# Zander ausziehen ?



## ulf (16. Juli 2012)

Hallo

Kann man eigentlich einen Zander genauso "ausziehen" wie einen Barsch ?

Gruß Ulf


----------



## mokki (16. Juli 2012)

*AW: Zander ausziehen ?*

hab es noch nie probiert, sollte aber gehen, da die struktur und die haut recht ähnlich ist.


----------



## ehrwien (16. Juli 2012)

*AW: Zander ausziehen ?*

hält die Zanderhaut nicht um einiges stärker am Fleisch als beim Barsch?


----------



## René F (17. Juli 2012)

*AW: Zander ausziehen ?*

Kann man. Wurde mir in Schweden mal gezeigt.


----------



## gaerbsch (17. Juli 2012)

*AW: Zander ausziehen ?*

http://www.anglerboard.de/board/showthread.php?p=2143891


----------



## Schwxdxnfxschxr (18. Juli 2012)

*AW: Zander ausziehen ?*

Selbst wenn man das könnte, würde ich das nicht machen.

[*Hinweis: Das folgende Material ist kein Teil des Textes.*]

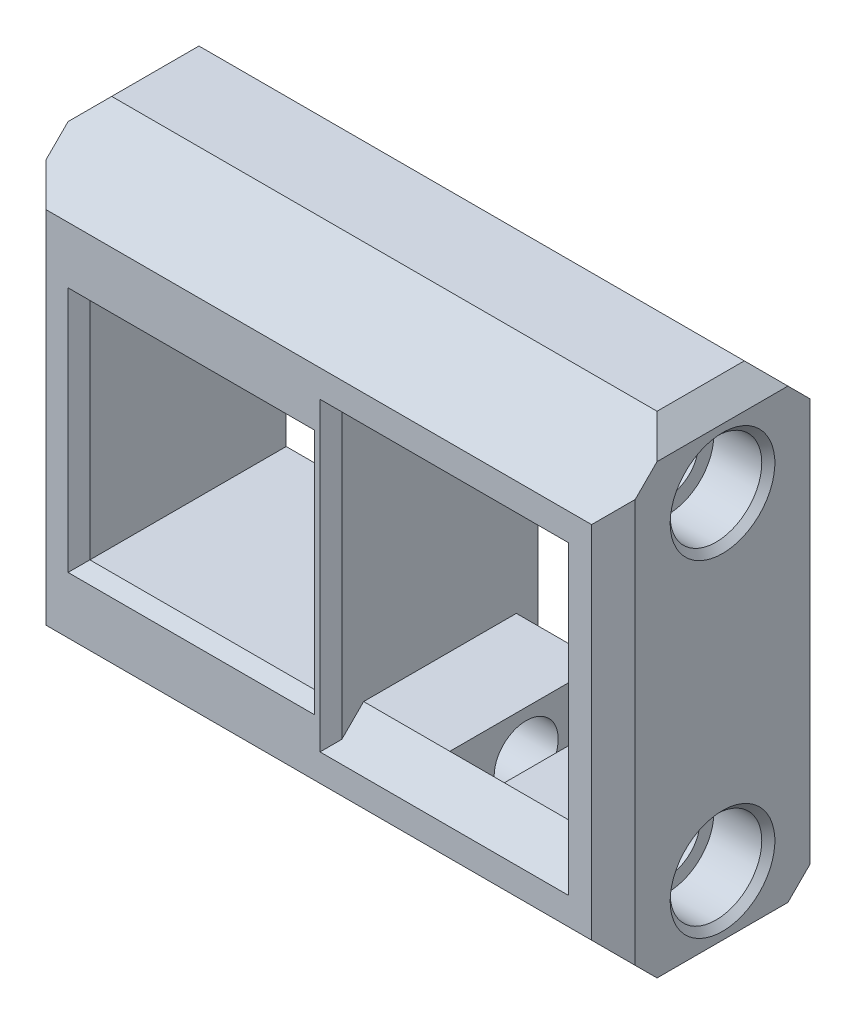
from build123d import *

# Parameters (mm, degrees)
SKETCH1_W           = 68.58
SKETCH1_H           = 57.15
BOSS_EXTRUDE1_DEPTH = 25.4
SKETCH2_W           = 26.162
SKETCH2_H           = 26.162
SKETCH2_W_2         = 26.416
SKETCH2_H_2         = 27.94
CUT_EXTRUDE1_DEPTH  = 93.814324864
SKETCH5_R           = 3.556
SKETCH5_R_2         = 3.729278609
CUT_EXTRUDE2_DEPTH  = 93.814324864
CUT_EXTRUDE3_START  = -16.51
CUT_EXTRUDE3_DEPTH  = 6.35
CHAMFER1_SIZE       = 1.27
CHAMFER2_SIZE       = 2.54
CHAMFER3_SIZE       = 7.62
SKETCH7_R           = 5.334
CUT_EXTRUDE4_DEPTH  = 6.35
CUT_EXTRUDE5_DEPTH  = 7.62
CHAMFER4_SIZE       = 0.762
CHAMFER5_SIZE       = 3.81


with BuildPart() as part:
    # Sketch1 → Boss-Extrude1 (new body)
    with BuildSketch(Plane.XY):
        with Locations((34.29, 28.575)):
            Rectangle(SKETCH1_W, SKETCH1_H)
    extrude(amount=BOSS_EXTRUDE1_DEPTH)

    # Sketch2 → Cut-Extrude1 (cut, through all)
    with BuildSketch(Plane.XY.offset(25.4)):
        with Locations((19.431, 28.575)):
            Rectangle(SKETCH2_W, SKETCH2_H)
        with Locations((48.895, 28.575)):
            Rectangle(SKETCH2_W_2, SKETCH2_H_2)
    extrude(amount=-CUT_EXTRUDE1_DEPTH, mode=Mode.SUBTRACT)

    # Sketch5 → Cut-Extrude2 (cut, through all)
    with BuildSketch(Plane(origin=(68.58, 0, 0), x_dir=(0, 0, -1), z_dir=(1, 0, 0))):
        with Locations((-12.7, 47.625)):
            Circle(SKETCH5_R)
        with Locations((-12.7, 9.525)):
            Circle(SKETCH5_R_2)
    extrude(amount=-CUT_EXTRUDE2_DEPTH, mode=Mode.SUBTRACT)

    # Sketch6 → Cut-Extrude3 (cut)
    with BuildSketch(Plane(origin=(68.58, 0, 0), x_dir=(0, 0, -1), z_dir=(1, 0, 0)).offset(CUT_EXTRUDE3_START)):
        with BuildLine():
            Line((-21.59, 47.625), (-21.59, 12.21272508))
            ThreePointArc((-21.59, 12.21272508), (-15.38772508, 0.635), (-3.81, 6.83727492))
            Line((-3.81, 6.83727492), (-3.81, 47.625))
            ThreePointArc((-3.81, 47.625), (-12.7, 56.515), (-21.59, 47.625))
        make_face()
    extrude(amount=-CUT_EXTRUDE3_DEPTH, mode=Mode.SUBTRACT)

    # Chamfer1
    chamfer1_edges = [part.edges().sort_by_distance(p)[0] for p in [
        (6.35, 28.575, 0),
        (19.431, 41.656, 0),
        (32.512, 28.575, 0),
        (19.431, 15.494, 0),
        (6.35, 28.575, 25.4),
        (19.431, 15.494, 25.4),
        (32.512, 28.575, 25.4),
        (19.431, 41.656, 25.4),
        (35.687, 28.575, 0),
        (62.103, 28.575, 0),
        (35.687, 28.575, 25.4),
        (62.103, 28.575, 25.4),
    ]]
    chamfer(chamfer1_edges, length=CHAMFER1_SIZE)

    # Chamfer2
    chamfer2_edges = [part.edges().sort_by_distance(p)[0] for p in [
        (68.58, 28.575, 25.4),
        (0, 28.575, 25.4),
        (68.58, 28.575, 0),
        (0, 28.575, 0),
        (0, 57.15, 12.7),
        (68.58, 57.15, 12.7),
        (68.58, 0, 12.7),
        (0, 0, 12.7),
    ]]
    chamfer(chamfer2_edges, length=CHAMFER2_SIZE)

    # Chamfer3
    # the kernel refuses this chamfer: 7.62 mm, written as the material it takes off along each edge
    with BuildSketch(Plane(origin=(-17.056224368, 0, 0), x_dir=(0, 1, 0), z_dir=(1, 0, 0)), Plane(origin=(-17.056224368, 0, 25.4), x_dir=(0, 0, -1), z_dir=(1, 0, 0)), Plane(origin=(85.636224368, 57.15, 0), x_dir=(0, -1, 0), z_dir=(-1, 0, 0)), Plane(origin=(85.636224368, 57.15, 25.4), x_dir=(0, 0, -1), z_dir=(-1, 0, 0))) as chamfer3_piece_1:
        Polygon((CHAMFER3_SIZE, 0), (0, CHAMFER3_SIZE), (0, 0), align=None)
    extrude(amount=102.692448737, mode=Mode.SUBTRACT)

    # Sketch7 → Cut-Extrude4 (cut)
    with BuildSketch(Plane(origin=(68.58, 0, 0), x_dir=(0, 0, -1), z_dir=(1, 0, 0))):
        with Locations((-12.7, 47.625)):
            Circle(SKETCH7_R)
        with Locations((-12.7, 9.525)):
            Circle(SKETCH7_R)
    extrude(amount=-CUT_EXTRUDE4_DEPTH, mode=Mode.SUBTRACT)

    # Sketch9 → Cut-Extrude5 (cut)
    with BuildSketch(Plane.ZY):
        Polygon((16.072880273, 53.467), (9.327119727, 53.467), (5.954239455, 47.625), (9.327119727, 41.783), (16.072880273, 41.783), (19.445760545, 47.625), align=None)
        Polygon((16.072880273, 15.367), (9.327119727, 15.367), (5.954239455, 9.525), (9.327119727, 3.683), (16.072880273, 3.683), (19.445760545, 9.525), align=None)
    extrude(amount=-CUT_EXTRUDE5_DEPTH, mode=Mode.SUBTRACT)

    # Chamfer4
    chamfer4_edges = [part.edges().sort_by_distance(p)[0] for p in [
        (68.58, 47.625, 18.034),
        (68.58, 9.525, 18.034),
        (0, 50.546, 17.759320409),
        (0, 53.467, 12.7),
        (0, 50.546, 7.640679591),
        (0, 44.704, 7.640679591),
        (0, 41.783, 12.7),
        (0, 44.704, 17.759320409),
        (0, 12.446, 17.759320409),
        (0, 15.367, 12.7),
        (0, 12.446, 7.640679591),
        (0, 6.604, 7.640679591),
        (0, 3.683, 12.7),
        (0, 6.604, 17.759320409),
    ]]
    chamfer(chamfer4_edges, length=CHAMFER4_SIZE)

    # Chamfer5
    # the kernel refuses this chamfer: 3.81 mm, written as the material it takes off along each edge
    with BuildSketch(Plane(origin=(24.618887816, 14.605, 0), x_dir=(0, -1, 0), z_dir=(1, 0, 0))) as chamfer5_piece_1_section:
        Polygon((CHAMFER5_SIZE, 0), (0, -CHAMFER5_SIZE), (0, 0), align=None)
    chamfer5_piece_1 = extrude(amount=48.552224368, mode=Mode.PRIVATE)
    chamfer5_piece_1 = split(chamfer5_piece_1, bisect_by=Plane(origin=(29.517943908, 14.605, -4.899056092), z_dir=(-0.7071067811865467, 0, 0.7071067811865483)), keep=Keep.TOP, mode=Mode.PRIVATE)
    chamfer5_piece_1 = split(chamfer5_piece_1, bisect_by=Plane(origin=(35.687, 14.605, 0), z_dir=(1, 0, 0)), keep=Keep.TOP, mode=Mode.PRIVATE)
    add(chamfer5_piece_1, mode=Mode.SUBTRACT)
    with BuildSketch(Plane(origin=(24.618887816, 14.605, 0), x_dir=(0, -1, 0), z_dir=(1, 0, 0))) as chamfer5_piece_2_section:
        Polygon((CHAMFER5_SIZE, 0), (0, -CHAMFER5_SIZE), (0, 0), align=None)
    chamfer5_piece_2 = extrude(amount=48.552224368, mode=Mode.PRIVATE)
    chamfer5_piece_2 = split(chamfer5_piece_2, bisect_by=Plane(origin=(29.517943908, 14.605, -4.899056092), z_dir=(0.7071067811865467, 0, -0.7071067811865483)), keep=Keep.TOP, mode=Mode.PRIVATE)
    chamfer5_piece_2 = split(chamfer5_piece_2, bisect_by=Plane(origin=(35.687, 14.605, 0), z_dir=(-1, 0, 0)), keep=Keep.TOP, mode=Mode.PRIVATE)
    add(chamfer5_piece_2, mode=Mode.SUBTRACT)
    with BuildSketch(Plane(origin=(24.618887816, 14.605, 0), x_dir=(0, -1, 0), z_dir=(1, 0, 0))) as chamfer5_piece_3_section:
        Polygon((CHAMFER5_SIZE, 0), (0, -CHAMFER5_SIZE), (0, 0), align=None)
    chamfer5_piece_3 = extrude(amount=48.552224368, mode=Mode.PRIVATE)
    chamfer5_piece_3 = split(chamfer5_piece_3, bisect_by=Plane(origin=(62.103, 14.605, 0), z_dir=(-1, 0, 0)), keep=Keep.TOP, mode=Mode.PRIVATE)
    chamfer5_piece_3 = split(chamfer5_piece_3, bisect_by=Plane(origin=(43.995943908, 14.605, 19.377056092), z_dir=(-0.7071067811865467, 0, -0.7071067811865483)), keep=Keep.TOP, mode=Mode.PRIVATE)
    chamfer5_piece_3 = split(chamfer5_piece_3, bisect_by=Plane(origin=(29.517943908, 14.605, -4.899056092), z_dir=(0.7071067811865467, 0, -0.7071067811865483)), keep=Keep.TOP, mode=Mode.PRIVATE)
    chamfer5_piece_3 = split(chamfer5_piece_3, bisect_by=Plane(origin=(35.687, 14.605, 0), z_dir=(1, 0, 0)), keep=Keep.TOP, mode=Mode.PRIVATE)
    add(chamfer5_piece_3, mode=Mode.SUBTRACT)
    with BuildSketch(Plane(origin=(24.618887816, 14.605, 0), x_dir=(0, -1, 0), z_dir=(1, 0, 0))) as chamfer5_piece_4_section:
        Polygon((CHAMFER5_SIZE, 0), (0, -CHAMFER5_SIZE), (0, 0), align=None)
    chamfer5_piece_4 = extrude(amount=48.552224368, mode=Mode.PRIVATE)
    chamfer5_piece_4 = split(chamfer5_piece_4, bisect_by=Plane(origin=(62.103, 14.605, 0), z_dir=(-1, 0, 0)), keep=Keep.TOP, mode=Mode.PRIVATE)
    chamfer5_piece_4 = split(chamfer5_piece_4, bisect_by=Plane(origin=(43.995943908, 14.605, 19.377056092), z_dir=(0.7071067811865467, 0, 0.7071067811865483)), keep=Keep.TOP, mode=Mode.PRIVATE)
    add(chamfer5_piece_4, mode=Mode.SUBTRACT)
    with BuildSketch(Plane(origin=(24.618887816, 14.605, 0), x_dir=(0, -1, 0), z_dir=(1, 0, 0))) as chamfer5_piece_5_section:
        Polygon((CHAMFER5_SIZE, 0), (0, -CHAMFER5_SIZE), (0, 0), align=None)
    chamfer5_piece_5 = extrude(amount=48.552224368, mode=Mode.PRIVATE)
    chamfer5_piece_5 = split(chamfer5_piece_5, bisect_by=Plane(origin=(62.103, 14.605, 0), z_dir=(1, 0, 0)), keep=Keep.TOP, mode=Mode.PRIVATE)
    chamfer5_piece_5 = split(chamfer5_piece_5, bisect_by=Plane(origin=(43.995943908, 14.605, 19.377056092), z_dir=(-0.7071067811865467, 0, -0.7071067811865483)), keep=Keep.TOP, mode=Mode.PRIVATE)
    add(chamfer5_piece_5, mode=Mode.SUBTRACT)
    with BuildSketch(Plane(origin=(73.171112184, 42.545, 0), x_dir=(0, 1, 0), z_dir=(-1, 0, 0))) as chamfer5_piece_6_section:
        Polygon((CHAMFER5_SIZE, 0), (0, -CHAMFER5_SIZE), (0, 0), align=None)
    chamfer5_piece_6 = extrude(amount=48.552224368, mode=Mode.PRIVATE)
    chamfer5_piece_6 = split(chamfer5_piece_6, bisect_by=Plane(origin=(68.272056092, 42.545, -4.899056092), z_dir=(0.7071067811865467, 0, 0.7071067811865483)), keep=Keep.TOP, mode=Mode.PRIVATE)
    chamfer5_piece_6 = split(chamfer5_piece_6, bisect_by=Plane(origin=(62.103, 42.545, 0), z_dir=(-1, 0, 0)), keep=Keep.TOP, mode=Mode.PRIVATE)
    add(chamfer5_piece_6, mode=Mode.SUBTRACT)
    with BuildSketch(Plane(origin=(73.171112184, 42.545, 0), x_dir=(0, 1, 0), z_dir=(-1, 0, 0))) as chamfer5_piece_7_section:
        Polygon((CHAMFER5_SIZE, 0), (0, -CHAMFER5_SIZE), (0, 0), align=None)
    chamfer5_piece_7 = extrude(amount=48.552224368, mode=Mode.PRIVATE)
    chamfer5_piece_7 = split(chamfer5_piece_7, bisect_by=Plane(origin=(68.272056092, 42.545, -4.899056092), z_dir=(-0.7071067811865467, 0, -0.7071067811865483)), keep=Keep.TOP, mode=Mode.PRIVATE)
    chamfer5_piece_7 = split(chamfer5_piece_7, bisect_by=Plane(origin=(62.103, 42.545, 0), z_dir=(1, 0, 0)), keep=Keep.TOP, mode=Mode.PRIVATE)
    add(chamfer5_piece_7, mode=Mode.SUBTRACT)
    with BuildSketch(Plane(origin=(73.171112184, 42.545, 0), x_dir=(0, 1, 0), z_dir=(-1, 0, 0))) as chamfer5_piece_8_section:
        Polygon((CHAMFER5_SIZE, 0), (0, -CHAMFER5_SIZE), (0, 0), align=None)
    chamfer5_piece_8 = extrude(amount=48.552224368, mode=Mode.PRIVATE)
    chamfer5_piece_8 = split(chamfer5_piece_8, bisect_by=Plane(origin=(35.687, 42.545, 0), z_dir=(1, 0, 0)), keep=Keep.TOP, mode=Mode.PRIVATE)
    chamfer5_piece_8 = split(chamfer5_piece_8, bisect_by=Plane(origin=(53.794056092, 42.545, 19.377056092), z_dir=(0.7071067811865467, 0, -0.7071067811865483)), keep=Keep.TOP, mode=Mode.PRIVATE)
    chamfer5_piece_8 = split(chamfer5_piece_8, bisect_by=Plane(origin=(68.272056092, 42.545, -4.899056092), z_dir=(-0.7071067811865467, 0, -0.7071067811865483)), keep=Keep.TOP, mode=Mode.PRIVATE)
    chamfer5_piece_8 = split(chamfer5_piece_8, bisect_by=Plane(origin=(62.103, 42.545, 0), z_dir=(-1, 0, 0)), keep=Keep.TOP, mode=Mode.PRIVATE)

Der Zander lässt sich im Gegensatz zum Barsch frisch gefangen sehr gut entschuppen. Man sollte bei beiden aber auf die Flossenstachel achten. Beim Braten auf der Haut erkennt man den Vorteil derselben. In einer beschichteten Pfanne, mit nur wenig Butter und auf keinen Fall Mehl ist die Haut knusprig gebraten ein Traum und hält ausserdem das Filet zusammen. Ich habe mir es allerdings angewöhnt, die vorbereiteten Fische (so ich sie selbst gefangen habe) stets eine Nacht im Kühlschrank aufzubewaren, weil dann die Spannungen im Fleisch nachlassen und nicht mehr das Bratergebnis verderben. Man kann auch mit einer Palette während des Anbratens andrücken. Auf jeden Fall sollte der Fisch in die kalte Pfanne und nicht ins heisse Fett gelegt werden (schnell anheizen).
Aber vielleicht ist alles nur eine Ansichtssache
Schwefi


----------



## ulf (19. Juli 2012)

*AW: Zander ausziehen ?*

Hallo

Dank Euch für die Antworten. Der letzte Zander ist jetzt komplett in der Alu-Folie in den Ofen gewandert. Das nächste mal werde ich eure Tips berücksichtigen |supergri.

Gruß Ulf


----------



## Barbenspezi (23. September 2012)

*AW: Zander ausziehen ?*

Hallo

Hole den Thread mal wieder hoch.

Ich habe einen Zander im Kühlschrank liegen. Kopf ab, Innereien raus, Rest gesäubert.
Nun wollte ich ihn filetieren und dann auf der Haut braten. Die Haut soll nicht verzehrt werden. 
Muss ich ihn trotzdem entschuppen? Ich habe meine bisherigen Zander immer im Ofen gegart. Da habe ich den Zander auch nie entschuppt.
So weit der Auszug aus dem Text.